= About this task =
Only the lines below, from the one with "#10216 = ORIENTED_EDGE" through the one with "#21673 = EDGE_CURVE", are to be written out, exactly.
[[ Dataset, beginning ]]
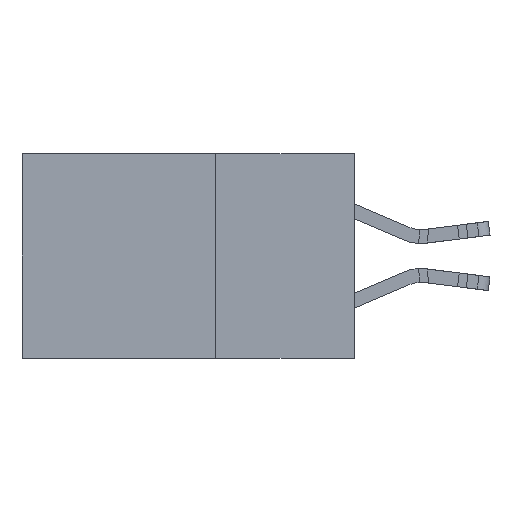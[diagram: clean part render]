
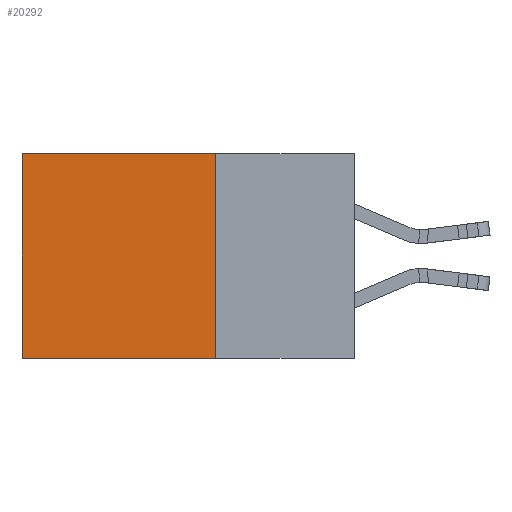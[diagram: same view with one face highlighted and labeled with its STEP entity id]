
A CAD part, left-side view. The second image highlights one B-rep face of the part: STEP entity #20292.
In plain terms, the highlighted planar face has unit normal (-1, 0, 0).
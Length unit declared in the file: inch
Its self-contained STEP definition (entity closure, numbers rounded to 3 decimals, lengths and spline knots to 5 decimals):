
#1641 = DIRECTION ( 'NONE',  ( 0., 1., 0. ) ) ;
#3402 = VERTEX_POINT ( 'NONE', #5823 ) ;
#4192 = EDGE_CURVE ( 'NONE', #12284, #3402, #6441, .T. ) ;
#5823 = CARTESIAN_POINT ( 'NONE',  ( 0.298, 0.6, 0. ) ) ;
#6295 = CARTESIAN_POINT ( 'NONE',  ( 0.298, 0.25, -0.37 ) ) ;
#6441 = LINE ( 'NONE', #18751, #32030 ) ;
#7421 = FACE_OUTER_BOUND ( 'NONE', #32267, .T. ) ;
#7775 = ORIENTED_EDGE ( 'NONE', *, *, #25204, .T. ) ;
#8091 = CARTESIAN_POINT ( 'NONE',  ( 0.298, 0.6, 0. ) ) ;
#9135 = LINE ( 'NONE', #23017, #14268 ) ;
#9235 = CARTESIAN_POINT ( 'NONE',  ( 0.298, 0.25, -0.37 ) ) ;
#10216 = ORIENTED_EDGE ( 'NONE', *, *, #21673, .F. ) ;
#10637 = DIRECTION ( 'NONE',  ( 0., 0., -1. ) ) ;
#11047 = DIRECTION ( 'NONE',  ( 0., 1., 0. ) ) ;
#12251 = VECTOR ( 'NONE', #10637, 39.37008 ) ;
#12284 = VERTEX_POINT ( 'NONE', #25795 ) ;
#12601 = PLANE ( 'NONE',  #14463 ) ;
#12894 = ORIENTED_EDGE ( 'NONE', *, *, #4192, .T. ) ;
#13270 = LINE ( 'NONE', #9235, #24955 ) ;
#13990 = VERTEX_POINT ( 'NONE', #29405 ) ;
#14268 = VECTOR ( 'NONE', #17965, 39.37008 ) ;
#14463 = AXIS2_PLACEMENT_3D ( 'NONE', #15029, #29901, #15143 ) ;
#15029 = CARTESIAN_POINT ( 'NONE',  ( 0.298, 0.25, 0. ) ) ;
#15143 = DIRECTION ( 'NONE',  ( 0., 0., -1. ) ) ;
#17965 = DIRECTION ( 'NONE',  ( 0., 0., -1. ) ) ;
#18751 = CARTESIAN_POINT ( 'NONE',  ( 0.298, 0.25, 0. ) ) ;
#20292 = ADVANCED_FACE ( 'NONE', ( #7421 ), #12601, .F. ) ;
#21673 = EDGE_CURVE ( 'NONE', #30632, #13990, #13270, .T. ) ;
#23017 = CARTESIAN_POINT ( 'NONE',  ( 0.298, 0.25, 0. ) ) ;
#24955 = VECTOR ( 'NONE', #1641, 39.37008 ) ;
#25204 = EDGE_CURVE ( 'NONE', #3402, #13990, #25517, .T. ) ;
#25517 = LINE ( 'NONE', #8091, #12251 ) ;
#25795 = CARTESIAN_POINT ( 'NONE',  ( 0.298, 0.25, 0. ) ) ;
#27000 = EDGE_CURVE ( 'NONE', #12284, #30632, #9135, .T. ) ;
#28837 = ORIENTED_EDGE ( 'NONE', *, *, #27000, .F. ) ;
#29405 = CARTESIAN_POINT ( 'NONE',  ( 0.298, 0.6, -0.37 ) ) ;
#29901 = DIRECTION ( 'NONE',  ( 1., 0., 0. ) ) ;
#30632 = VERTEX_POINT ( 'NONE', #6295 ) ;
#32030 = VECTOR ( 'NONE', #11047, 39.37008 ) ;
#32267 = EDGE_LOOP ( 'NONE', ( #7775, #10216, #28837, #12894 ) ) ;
[[ Dataset, end ]]
= Written solution =
#10216 = ORIENTED_EDGE ( 'NONE', *, *, #21673, .F. ) ;
#10637 = DIRECTION ( 'NONE',  ( 0., 0., -1. ) ) ;
#11047 = DIRECTION ( 'NONE',  ( 0., 1., 0. ) ) ;
#12251 = VECTOR ( 'NONE', #10637, 39.37008 ) ;
#12284 = VERTEX_POINT ( 'NONE', #25795 ) ;
#12601 = PLANE ( 'NONE',  #14463 ) ;
#12894 = ORIENTED_EDGE ( 'NONE', *, *, #4192, .T. ) ;
#13270 = LINE ( 'NONE', #9235, #24955 ) ;
#13990 = VERTEX_POINT ( 'NONE', #29405 ) ;
#14268 = VECTOR ( 'NONE', #17965, 39.37008 ) ;
#14463 = AXIS2_PLACEMENT_3D ( 'NONE', #15029, #29901, #15143 ) ;
#15029 = CARTESIAN_POINT ( 'NONE',  ( 0.298, 0.25, 0. ) ) ;
#15143 = DIRECTION ( 'NONE',  ( 0., 0., -1. ) ) ;
#17965 = DIRECTION ( 'NONE',  ( 0., 0., -1. ) ) ;
#18751 = CARTESIAN_POINT ( 'NONE',  ( 0.298, 0.25, 0. ) ) ;
#20292 = ADVANCED_FACE ( 'NONE', ( #7421 ), #12601, .F. ) ;
#21673 = EDGE_CURVE ( 'NONE', #30632, #13990, #13270, .T. ) ;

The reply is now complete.